We are a 28 year old couple from Birmingham. My partner is a qualified dental assistant/nurse who is currently working as a clinical supervisor in a private dental surgery, supervising 10 nurses. He does not speak Spanish at the moment, but he does speak fluent Urdu and Punjabi. 

I am currently unemployed due to sickness but am looking for work. I am interested in working as a tour guide in Andalucia, and I speak upper intermediate Spanish, basic Italian, intermediate Albanian and fluent English. I would also consider Hotel reception work. We would most like to live in Granada, Sevilla or Cordoba (prefer Granada), but at the moment because of my partner's lack of Spanish we would be interested temporarily in or near Gibraltar just so that my partner can work and study Spanish together.

What advice would you give us?
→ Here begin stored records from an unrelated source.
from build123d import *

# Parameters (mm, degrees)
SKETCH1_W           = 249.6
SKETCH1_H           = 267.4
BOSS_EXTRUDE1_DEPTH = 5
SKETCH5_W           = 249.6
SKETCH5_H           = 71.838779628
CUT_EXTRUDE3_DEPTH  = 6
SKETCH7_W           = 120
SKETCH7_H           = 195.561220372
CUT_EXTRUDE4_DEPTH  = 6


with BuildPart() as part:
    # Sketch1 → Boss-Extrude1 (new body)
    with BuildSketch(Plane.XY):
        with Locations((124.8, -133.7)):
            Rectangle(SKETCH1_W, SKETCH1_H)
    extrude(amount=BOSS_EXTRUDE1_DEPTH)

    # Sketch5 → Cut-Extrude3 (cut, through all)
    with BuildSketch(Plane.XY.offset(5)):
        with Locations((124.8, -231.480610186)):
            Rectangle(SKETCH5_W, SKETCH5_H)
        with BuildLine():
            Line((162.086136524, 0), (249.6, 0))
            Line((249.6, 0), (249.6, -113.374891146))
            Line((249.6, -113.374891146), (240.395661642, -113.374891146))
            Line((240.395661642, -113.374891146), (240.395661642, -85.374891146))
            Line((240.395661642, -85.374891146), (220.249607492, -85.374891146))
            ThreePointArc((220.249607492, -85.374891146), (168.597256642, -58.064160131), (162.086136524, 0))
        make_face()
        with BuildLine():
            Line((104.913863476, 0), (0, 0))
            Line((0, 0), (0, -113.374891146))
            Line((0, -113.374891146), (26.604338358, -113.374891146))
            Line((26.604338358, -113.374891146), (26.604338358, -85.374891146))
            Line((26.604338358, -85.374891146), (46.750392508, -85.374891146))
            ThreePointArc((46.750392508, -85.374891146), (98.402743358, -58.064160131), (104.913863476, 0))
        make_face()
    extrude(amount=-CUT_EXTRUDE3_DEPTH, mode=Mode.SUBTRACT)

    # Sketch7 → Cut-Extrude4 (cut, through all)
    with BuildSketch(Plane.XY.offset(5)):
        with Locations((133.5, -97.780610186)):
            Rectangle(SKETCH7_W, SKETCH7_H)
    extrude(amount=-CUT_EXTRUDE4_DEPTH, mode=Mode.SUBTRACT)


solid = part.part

Any experience of city life as expats in Andalucia?

Gracias


----------



## Marie M (May 14, 2009)

why dont you try your hand at being a financial advisor. i know of a company that is actively looking for advisors to be based in the countries you mentioned. they want to focus on QROPS i.e transfer of UK pensions outside the UK i.e Spain. job role is commission only, but commission rate is very advisor friendly and income potential is massive. not only that, you can work at your own pace, even from home should you want to. everything is above board but i cannot yet post my website address here so just look for [advertising removed by moderator - please check forum rules] on the web.


----------



## jojo (Sep 20, 2007)

dosguiris said:


> Hola!
> 
> We are a 28 year old couple from Birmingham. My partner is a qualified dental assistant/nurse who is currently working as a clinical supervisor in a private dental surgery, supervising 10 nurses. He does not speak Spanish at the moment, but he does speak fluent Urdu and Punjabi.
> 
> ...




Apart from that, there is mass unemployment in Spain, if you both could speak and write Spanish fluently you may stand a small chance of finding work, but even the bilingual and spanish nationals are struggling. 

That said, your best bet would be to send your CVs out to hotels, dentists in your chosen areas and see what happens. Come out for a fact finding holiday and see what you think?? do some job hunting and take it all in??? You never know, you may hit lucky!!

Jo xxx


----------



## jojo (Sep 20, 2007)

Marie M said:


> why dont you try your hand at being a financial advisor. i know of a company that is actively looking for advisors to be based in the countries you mentioned. they want to focus on QROPS i.e transfer of UK pensions outside the UK i.e Spain. job role is commission only, but commission rate is very advisor friendly and income potential is massive. not only that, you can work at your own pace, even from home should you want to. everything is above board but i cannot yet post my website address here so just look for [advertising removed by moderator - please check forum rules] on the web.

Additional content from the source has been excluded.